▸ **Problem to solve**: Both the line containing "#108=DIRECTION('',(0.,-1.,0.));" and the line containing "#147=CARTESIAN_POINT('',(6.65,-3.4,0.));" belong to the span. Output exactly that span from the listing below, and nothing outside it.

▸ **Recorded data**:
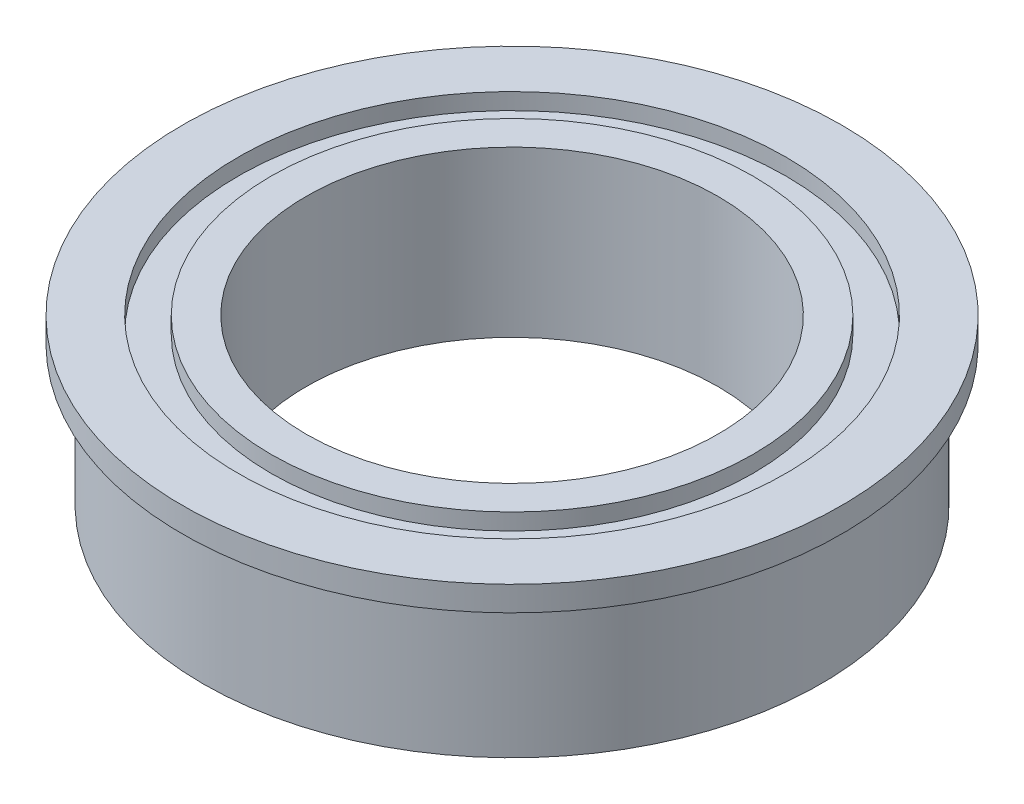
ISO-10303-21;
HEADER;
FILE_DESCRIPTION(('STEP AP214'),'2;1');
FILE_NAME('part.step','',(''),(''),'','','');
FILE_SCHEMA(('AUTOMOTIVE_DESIGN { 1 0 10303 214 1 1 1 1 }'));
ENDSEC;
DATA;
#1=APPLICATION_CONTEXT('core data for automotive mechanical design processes');
#2=APPLICATION_PROTOCOL_DEFINITION('international standard','automotive_design',2000,#1);
#3=PRODUCT_CONTEXT('',#1,'mechanical');
#4=PRODUCT('Part','Part','',(#3));
#5=PRODUCT_RELATED_PRODUCT_CATEGORY('part','',(#4));
#6=PRODUCT_DEFINITION_FORMATION('','',#4);
#7=PRODUCT_DEFINITION_CONTEXT('part definition',#1,'design');
#8=PRODUCT_DEFINITION('design','',#6,#7);
#9=PRODUCT_DEFINITION_SHAPE('','',#8);
#10=(LENGTH_UNIT() NAMED_UNIT(*) SI_UNIT(.MILLI.,.METRE.));
#11=(NAMED_UNIT(*) PLANE_ANGLE_UNIT() SI_UNIT($,.RADIAN.));
#12=(NAMED_UNIT(*) SI_UNIT($,.STERADIAN.) SOLID_ANGLE_UNIT());
#13=UNCERTAINTY_MEASURE_WITH_UNIT(LENGTH_MEASURE(1.E-05),#10,'distance_accuracy_value','');
#14=(GEOMETRIC_REPRESENTATION_CONTEXT(3) GLOBAL_UNCERTAINTY_ASSIGNED_CONTEXT((#13)) GLOBAL_UNIT_ASSIGNED_CONTEXT((#10,
#11,#12)) REPRESENTATION_CONTEXT('',''));
#15=CARTESIAN_POINT('',(0.,0.,0.));
#16=DIRECTION('',(0.,0.,1.));
#17=DIRECTION('',(1.,0.,0.));
#18=AXIS2_PLACEMENT_3D('',#15,#16,#17);
#19=CARTESIAN_POINT('',(5.85,0.599999999999996,0.));
#20=DIRECTION('',(0.,1.,0.));
#21=DIRECTION('',(0.,0.,1.));
#22=AXIS2_PLACEMENT_3D('',#19,#20,#21);
#23=PLANE('',#22);
#24=CARTESIAN_POINT('',(0.,0.599999999999996,0.));
#25=DIRECTION('',(0.,-1.,0.));
#26=DIRECTION('',(0.,0.,-1.));
#27=AXIS2_PLACEMENT_3D('',#24,#25,#26);
#28=CIRCLE('',#27,5.);
#29=CARTESIAN_POINT('',(0.,0.599999999999996,-5.));
#30=VERTEX_POINT('',#29);
#31=EDGE_CURVE('E10',#30,#30,#28,.T.);
#32=ORIENTED_EDGE('',*,*,#31,.T.);
#33=EDGE_LOOP('',(#32));
#34=FACE_BOUND('',#33,.T.);
#35=CARTESIAN_POINT('',(0.,0.599999999999996,0.));
#36=DIRECTION('',(0.,-1.,0.));
#37=DIRECTION('',(0.,0.,-1.));
#38=AXIS2_PLACEMENT_3D('',#35,#36,#37);
#39=CIRCLE('',#38,5.85);
#40=CARTESIAN_POINT('',(0.,0.599999999999996,-5.85));
#41=VERTEX_POINT('',#40);
#42=EDGE_CURVE('E75',#41,#41,#39,.T.);
#43=ORIENTED_EDGE('',*,*,#42,.F.);
#44=EDGE_LOOP('',(#43));
#45=FACE_BOUND('',#44,.T.);
#46=ADVANCED_FACE('F29',(#34,#45),#23,.T.);
#47=CARTESIAN_POINT('',(0.,0.,0.));
#48=DIRECTION('',(0.,-1.,0.));
#49=DIRECTION('',(0.,0.,-1.));
#50=AXIS2_PLACEMENT_3D('',#47,#48,#49);
#51=CYLINDRICAL_SURFACE('',#50,5.);
#52=CARTESIAN_POINT('',(0.,-3.4,0.));
#53=DIRECTION('',(0.,-1.,0.));
#54=DIRECTION('',(0.,0.,-1.));
#55=AXIS2_PLACEMENT_3D('',#52,#53,#54);
#56=CIRCLE('',#55,5.);
#57=CARTESIAN_POINT('',(0.,-3.4,-5.));
#58=VERTEX_POINT('',#57);
#59=EDGE_CURVE('E35',#58,#58,#56,.T.);
#60=ORIENTED_EDGE('',*,*,#59,.T.);
#61=EDGE_LOOP('',(#60));
#62=FACE_BOUND('',#61,.T.);
#63=ORIENTED_EDGE('',*,*,#31,.F.);
#64=EDGE_LOOP('',(#63));
#65=FACE_BOUND('',#64,.T.);
#66=ADVANCED_FACE('F83',(#62,#65),#51,.F.);
#67=CARTESIAN_POINT('',(5.,-3.4,0.));
#68=DIRECTION('',(0.,-1.,0.));
#69=DIRECTION('',(0.,0.,-1.));
#70=AXIS2_PLACEMENT_3D('',#67,#68,#69);
#71=PLANE('',#70);
#72=CARTESIAN_POINT('',(0.,-3.4,0.));
#73=DIRECTION('',(0.,-1.,0.));
#74=DIRECTION('',(0.,0.,-1.));
#75=AXIS2_PLACEMENT_3D('',#72,#73,#74);
#76=CIRCLE('',#75,5.85);
#77=CARTESIAN_POINT('',(0.,-3.4,-5.85));
#78=VERTEX_POINT('',#77);
#79=EDGE_CURVE('E39',#78,#78,#76,.T.);
#80=ORIENTED_EDGE('',*,*,#79,.T.);
#81=EDGE_LOOP('',(#80));
#82=FACE_BOUND('',#81,.T.);
#83=ORIENTED_EDGE('',*,*,#59,.F.);
#84=EDGE_LOOP('',(#83));
#85=FACE_BOUND('',#84,.T.);
#86=ADVANCED_FACE('F87',(#82,#85),#71,.T.);
#87=CARTESIAN_POINT('',(0.,0.,0.));
#88=DIRECTION('',(0.,-1.,0.));
#89=DIRECTION('',(0.,0.,-1.));
#90=AXIS2_PLACEMENT_3D('',#87,#88,#89);
#91=CYLINDRICAL_SURFACE('',#90,5.85);
#92=CARTESIAN_POINT('',(0.,-3.,0.));
#93=DIRECTION('',(0.,-1.,0.));
#94=DIRECTION('',(0.,0.,-1.));
#95=AXIS2_PLACEMENT_3D('',#92,#93,#94);
#96=CIRCLE('',#95,5.85);
#97=CARTESIAN_POINT('',(0.,-3.,-5.85));
#98=VERTEX_POINT('',#97);
#99=EDGE_CURVE('E43',#98,#98,#96,.T.);
#100=ORIENTED_EDGE('',*,*,#99,.T.);
#101=EDGE_LOOP('',(#100));
#102=FACE_BOUND('',#101,.T.);
#103=ORIENTED_EDGE('',*,*,#79,.F.);
#104=EDGE_LOOP('',(#103));
#105=FACE_BOUND('',#104,.T.);
#106=ADVANCED_FACE('F91',(#102,#105),#91,.T.);
#107=CARTESIAN_POINT('',(5.85,-3.,0.));
#108=DIRECTION('',(0.,-1.,0.));
#109=DIRECTION('',(0.,0.,-1.));
#110=AXIS2_PLACEMENT_3D('',#107,#108,#109);
#111=PLANE('',#110);
#112=CARTESIAN_POINT('',(0.,-3.,0.));
#113=DIRECTION('',(0.,-1.,0.));
#114=DIRECTION('',(0.,0.,-1.));
#115=AXIS2_PLACEMENT_3D('',#112,#113,#114);
#116=CIRCLE('',#115,6.65);
#117=CARTESIAN_POINT('',(0.,-3.,-6.65));
#118=VERTEX_POINT('',#117);
#119=EDGE_CURVE('E48',#118,#118,#116,.T.);
#120=ORIENTED_EDGE('',*,*,#119,.T.);
#121=EDGE_LOOP('',(#120));
#122=FACE_BOUND('',#121,.T.);
#123=ORIENTED_EDGE('',*,*,#99,.F.);
#124=EDGE_LOOP('',(#123));
#125=FACE_BOUND('',#124,.T.);
#126=ADVANCED_FACE('F98',(#122,#125),#111,.T.);
#127=CARTESIAN_POINT('',(0.,0.,0.));
#128=DIRECTION('',(0.,-1.,0.));
#129=DIRECTION('',(0.,0.,-1.));
#130=AXIS2_PLACEMENT_3D('',#127,#128,#129);
#131=CYLINDRICAL_SURFACE('',#130,6.65);
#132=CARTESIAN_POINT('',(0.,-3.4,0.));
#133=DIRECTION('',(0.,-1.,0.));
#134=DIRECTION('',(0.,0.,-1.));
#135=AXIS2_PLACEMENT_3D('',#132,#133,#134);
#136=CIRCLE('',#135,6.65);
#137=CARTESIAN_POINT('',(0.,-3.4,-6.65));
#138=VERTEX_POINT('',#137);
#139=EDGE_CURVE('E51',#138,#138,#136,.T.);
#140=ORIENTED_EDGE('',*,*,#139,.T.);
#141=EDGE_LOOP('',(#140));
#142=FACE_BOUND('',#141,.T.);
#143=ORIENTED_EDGE('',*,*,#119,.F.);
#144=EDGE_LOOP('',(#143));
#145=FACE_BOUND('',#144,.T.);
#146=ADVANCED_FACE('F102',(#142,#145),#131,.F.);
#147=CARTESIAN_POINT('',(6.65,-3.4,0.));
#148=DIRECTION('',(0.,-1.,0.));
#149=DIRECTION('',(0.,0.,-1.));
#150=AXIS2_PLACEMENT_3D('',#147,#148,#149);
#151=PLANE('',#150);
#152=CARTESIAN_POINT('',(0.,-3.4,0.));
#153=DIRECTION('',(0.,-1.,0.));
#154=DIRECTION('',(0.,0.,-1.));
#155=AXIS2_PLACEMENT_3D('',#152,#153,#154);
#156=CIRCLE('',#155,7.5);
#157=CARTESIAN_POINT('',(0.,-3.4,-7.5));
#158=VERTEX_POINT('',#157);
#159=EDGE_CURVE('E54',#158,#158,#156,.T.);
#160=ORIENTED_EDGE('',*,*,#159,.T.);
#161=EDGE_LOOP('',(#160));
#162=FACE_BOUND('',#161,.T.);
#163=ORIENTED_EDGE('',*,*,#139,.F.);
#164=EDGE_LOOP('',(#163));
#165=FACE_BOUND('',#164,.T.);
#166=ADVANCED_FACE('F106',(#162,#165),#151,.T.);
#167=CARTESIAN_POINT('',(0.,0.,0.));
#168=DIRECTION('',(0.,-1.,0.));
#169=DIRECTION('',(0.,0.,-1.));
#170=AXIS2_PLACEMENT_3D('',#167,#168,#169);
#171=CYLINDRICAL_SURFACE('',#170,7.5);
#172=CARTESIAN_POINT('',(0.,0.,0.));
#173=DIRECTION('',(0.,-1.,0.));
#174=DIRECTION('',(0.,0.,-1.));
#175=AXIS2_PLACEMENT_3D('',#172,#173,#174);
#176=CIRCLE('',#175,7.5);
#177=CARTESIAN_POINT('',(0.,0.,-7.5));
#178=VERTEX_POINT('',#177);
#179=EDGE_CURVE('E57',#178,#178,#176,.T.);
#180=ORIENTED_EDGE('',*,*,#179,.T.);
#181=EDGE_LOOP('',(#180));
#182=FACE_BOUND('',#181,.T.);
#183=ORIENTED_EDGE('',*,*,#159,.F.);
#184=EDGE_LOOP('',(#183));
#185=FACE_BOUND('',#184,.T.);
#186=ADVANCED_FACE('F110',(#182,#185),#171,.T.);
#187=CARTESIAN_POINT('',(7.5,0.,0.));
#188=DIRECTION('',(0.,-1.,0.));
#189=DIRECTION('',(0.,0.,-1.));
#190=AXIS2_PLACEMENT_3D('',#187,#188,#189);
#191=PLANE('',#190);
#192=CARTESIAN_POINT('',(0.,0.,0.));
#193=DIRECTION('',(0.,-1.,0.));
#194=DIRECTION('',(0.,0.,-1.));
#195=AXIS2_PLACEMENT_3D('',#192,#193,#194);
#196=CIRCLE('',#195,8.);
#197=CARTESIAN_POINT('',(0.,0.,-8.));
#198=VERTEX_POINT('',#197);
#199=EDGE_CURVE('E60',#198,#198,#196,.T.);
#200=ORIENTED_EDGE('',*,*,#199,.T.);
#201=EDGE_LOOP('',(#200));
#202=FACE_BOUND('',#201,.T.);
#203=ORIENTED_EDGE('',*,*,#179,.F.);
#204=EDGE_LOOP('',(#203));
#205=FACE_BOUND('',#204,.T.);
#206=ADVANCED_FACE('F114',(#202,#205),#191,.T.);
#207=CARTESIAN_POINT('',(0.,0.,0.));
#208=DIRECTION('',(0.,-1.,0.));
#209=DIRECTION('',(0.,0.,-1.));
#210=AXIS2_PLACEMENT_3D('',#207,#208,#209);
#211=CYLINDRICAL_SURFACE('',#210,8.);
#212=CARTESIAN_POINT('',(0.,0.6,0.));
#213=DIRECTION('',(0.,-1.,0.));
#214=DIRECTION('',(0.,0.,-1.));
#215=AXIS2_PLACEMENT_3D('',#212,#213,#214);
#216=CIRCLE('',#215,8.);
#217=CARTESIAN_POINT('',(0.,0.6,-8.));
#218=VERTEX_POINT('',#217);
#219=EDGE_CURVE('E63',#218,#218,#216,.T.);
#220=ORIENTED_EDGE('',*,*,#219,.T.);
#221=EDGE_LOOP('',(#220));
#222=FACE_BOUND('',#221,.T.);
#223=ORIENTED_EDGE('',*,*,#199,.F.);
#224=EDGE_LOOP('',(#223));
#225=FACE_BOUND('',#224,.T.);
#226=ADVANCED_FACE('F118',(#222,#225),#211,.T.);
#227=CARTESIAN_POINT('',(8.,0.599999999999998,0.));
#228=DIRECTION('',(0.,1.,0.));
#229=DIRECTION('',(0.,0.,1.));
#230=AXIS2_PLACEMENT_3D('',#227,#228,#229);
#231=PLANE('',#230);
#232=CARTESIAN_POINT('',(0.,0.599999999999996,0.));
#233=DIRECTION('',(0.,-1.,0.));
#234=DIRECTION('',(0.,0.,-1.));
#235=AXIS2_PLACEMENT_3D('',#232,#233,#234);
#236=CIRCLE('',#235,6.65);
#237=CARTESIAN_POINT('',(0.,0.599999999999996,-6.65));
#238=VERTEX_POINT('',#237);
#239=EDGE_CURVE('E66',#238,#238,#236,.T.);
#240=ORIENTED_EDGE('',*,*,#239,.T.);
#241=EDGE_LOOP('',(#240));
#242=FACE_BOUND('',#241,.T.);
#243=ORIENTED_EDGE('',*,*,#219,.F.);
#244=EDGE_LOOP('',(#243));
#245=FACE_BOUND('',#244,.T.);
#246=ADVANCED_FACE('F122',(#242,#245),#231,.T.);
#247=CARTESIAN_POINT('',(0.,0.,0.));
#248=DIRECTION('',(0.,-1.,0.));
#249=DIRECTION('',(0.,0.,-1.));
#250=AXIS2_PLACEMENT_3D('',#247,#248,#249);
#251=CYLINDRICAL_SURFACE('',#250,6.65);
#252=CARTESIAN_POINT('',(0.,0.2,0.));
#253=DIRECTION('',(0.,-1.,0.));
#254=DIRECTION('',(0.,0.,-1.));
#255=AXIS2_PLACEMENT_3D('',#252,#253,#254);
#256=CIRCLE('',#255,6.65);
#257=CARTESIAN_POINT('',(0.,0.2,-6.65));
#258=VERTEX_POINT('',#257);
#259=EDGE_CURVE('E69',#258,#258,#256,.T.);
#260=ORIENTED_EDGE('',*,*,#259,.T.);
#261=EDGE_LOOP('',(#260));
#262=FACE_BOUND('',#261,.T.);
#263=ORIENTED_EDGE('',*,*,#239,.F.);
#264=EDGE_LOOP('',(#263));
#265=FACE_BOUND('',#264,.T.);
#266=ADVANCED_FACE('F126',(#262,#265),#251,.F.);
#267=CARTESIAN_POINT('',(6.65,0.2,0.));
#268=DIRECTION('',(0.,1.,0.));
#269=DIRECTION('',(0.,0.,1.));
#270=AXIS2_PLACEMENT_3D('',#267,#268,#269);
#271=PLANE('',#270);
#272=CARTESIAN_POINT('',(0.,0.2,0.));
#273=DIRECTION('',(0.,-1.,0.));
#274=DIRECTION('',(0.,0.,-1.));
#275=AXIS2_PLACEMENT_3D('',#272,#273,#274);
#276=CIRCLE('',#275,5.85);
#277=CARTESIAN_POINT('',(0.,0.2,-5.85));
#278=VERTEX_POINT('',#277);
#279=EDGE_CURVE('E72',#278,#278,#276,.T.);
#280=ORIENTED_EDGE('',*,*,#279,.T.);
#281=EDGE_LOOP('',(#280));
#282=FACE_BOUND('',#281,.T.);
#283=ORIENTED_EDGE('',*,*,#259,.F.);
#284=EDGE_LOOP('',(#283));
#285=FACE_BOUND('',#284,.T.);
#286=ADVANCED_FACE('F130',(#282,#285),#271,.T.);
#287=CARTESIAN_POINT('',(0.,0.,0.));
#288=DIRECTION('',(0.,-1.,0.));
#289=DIRECTION('',(0.,0.,-1.));
#290=AXIS2_PLACEMENT_3D('',#287,#288,#289);
#291=CYLINDRICAL_SURFACE('',#290,5.85);
#292=ORIENTED_EDGE('',*,*,#42,.T.);
#293=EDGE_LOOP('',(#292));
#294=FACE_BOUND('',#293,.T.);
#295=ORIENTED_EDGE('',*,*,#279,.F.);
#296=EDGE_LOOP('',(#295));
#297=FACE_BOUND('',#296,.T.);
#298=ADVANCED_FACE('F79',(#294,#297),#291,.T.);
#299=CLOSED_SHELL('',(#46,#66,#86,#106,#126,#146,#166,#186,#206,#226,#246,#266,#286,#298));
#300=MANIFOLD_SOLID_BREP('B2',#299);
#301=ADVANCED_BREP_SHAPE_REPRESENTATION('',(#18,#300),#14);
#302=SHAPE_DEFINITION_REPRESENTATION(#9,#301);
ENDSEC;
END-ISO-10303-21;

▸ **Your solution**:
#108=DIRECTION('',(0.,-1.,0.));
#109=DIRECTION('',(0.,0.,-1.));
#110=AXIS2_PLACEMENT_3D('',#107,#108,#109);
#111=PLANE('',#110);
#112=CARTESIAN_POINT('',(0.,-3.,0.));
#113=DIRECTION('',(0.,-1.,0.));
#114=DIRECTION('',(0.,0.,-1.));
#115=AXIS2_PLACEMENT_3D('',#112,#113,#114);
#116=CIRCLE('',#115,6.65);
#117=CARTESIAN_POINT('',(0.,-3.,-6.65));
#118=VERTEX_POINT('',#117);
#119=EDGE_CURVE('E48',#118,#118,#116,.T.);
#120=ORIENTED_EDGE('',*,*,#119,.T.);
#121=EDGE_LOOP('',(#120));
#122=FACE_BOUND('',#121,.T.);
#123=ORIENTED_EDGE('',*,*,#99,.F.);
#124=EDGE_LOOP('',(#123));
#125=FACE_BOUND('',#124,.T.);
#126=ADVANCED_FACE('F98',(#122,#125),#111,.T.);
#127=CARTESIAN_POINT('',(0.,0.,0.));
#128=DIRECTION('',(0.,-1.,0.));
#129=DIRECTION('',(0.,0.,-1.));
#130=AXIS2_PLACEMENT_3D('',#127,#128,#129);
#131=CYLINDRICAL_SURFACE('',#130,6.65);
#132=CARTESIAN_POINT('',(0.,-3.4,0.));
#133=DIRECTION('',(0.,-1.,0.));
#134=DIRECTION('',(0.,0.,-1.));
#135=AXIS2_PLACEMENT_3D('',#132,#133,#134);
#136=CIRCLE('',#135,6.65);
#137=CARTESIAN_POINT('',(0.,-3.4,-6.65));
#138=VERTEX_POINT('',#137);
#139=EDGE_CURVE('E51',#138,#138,#136,.T.);
#140=ORIENTED_EDGE('',*,*,#139,.T.);
#141=EDGE_LOOP('',(#140));
#142=FACE_BOUND('',#141,.T.);
#143=ORIENTED_EDGE('',*,*,#119,.F.);
#144=EDGE_LOOP('',(#143));
#145=FACE_BOUND('',#144,.T.);
#146=ADVANCED_FACE('F102',(#142,#145),#131,.F.);
#147=CARTESIAN_POINT('',(6.65,-3.4,0.));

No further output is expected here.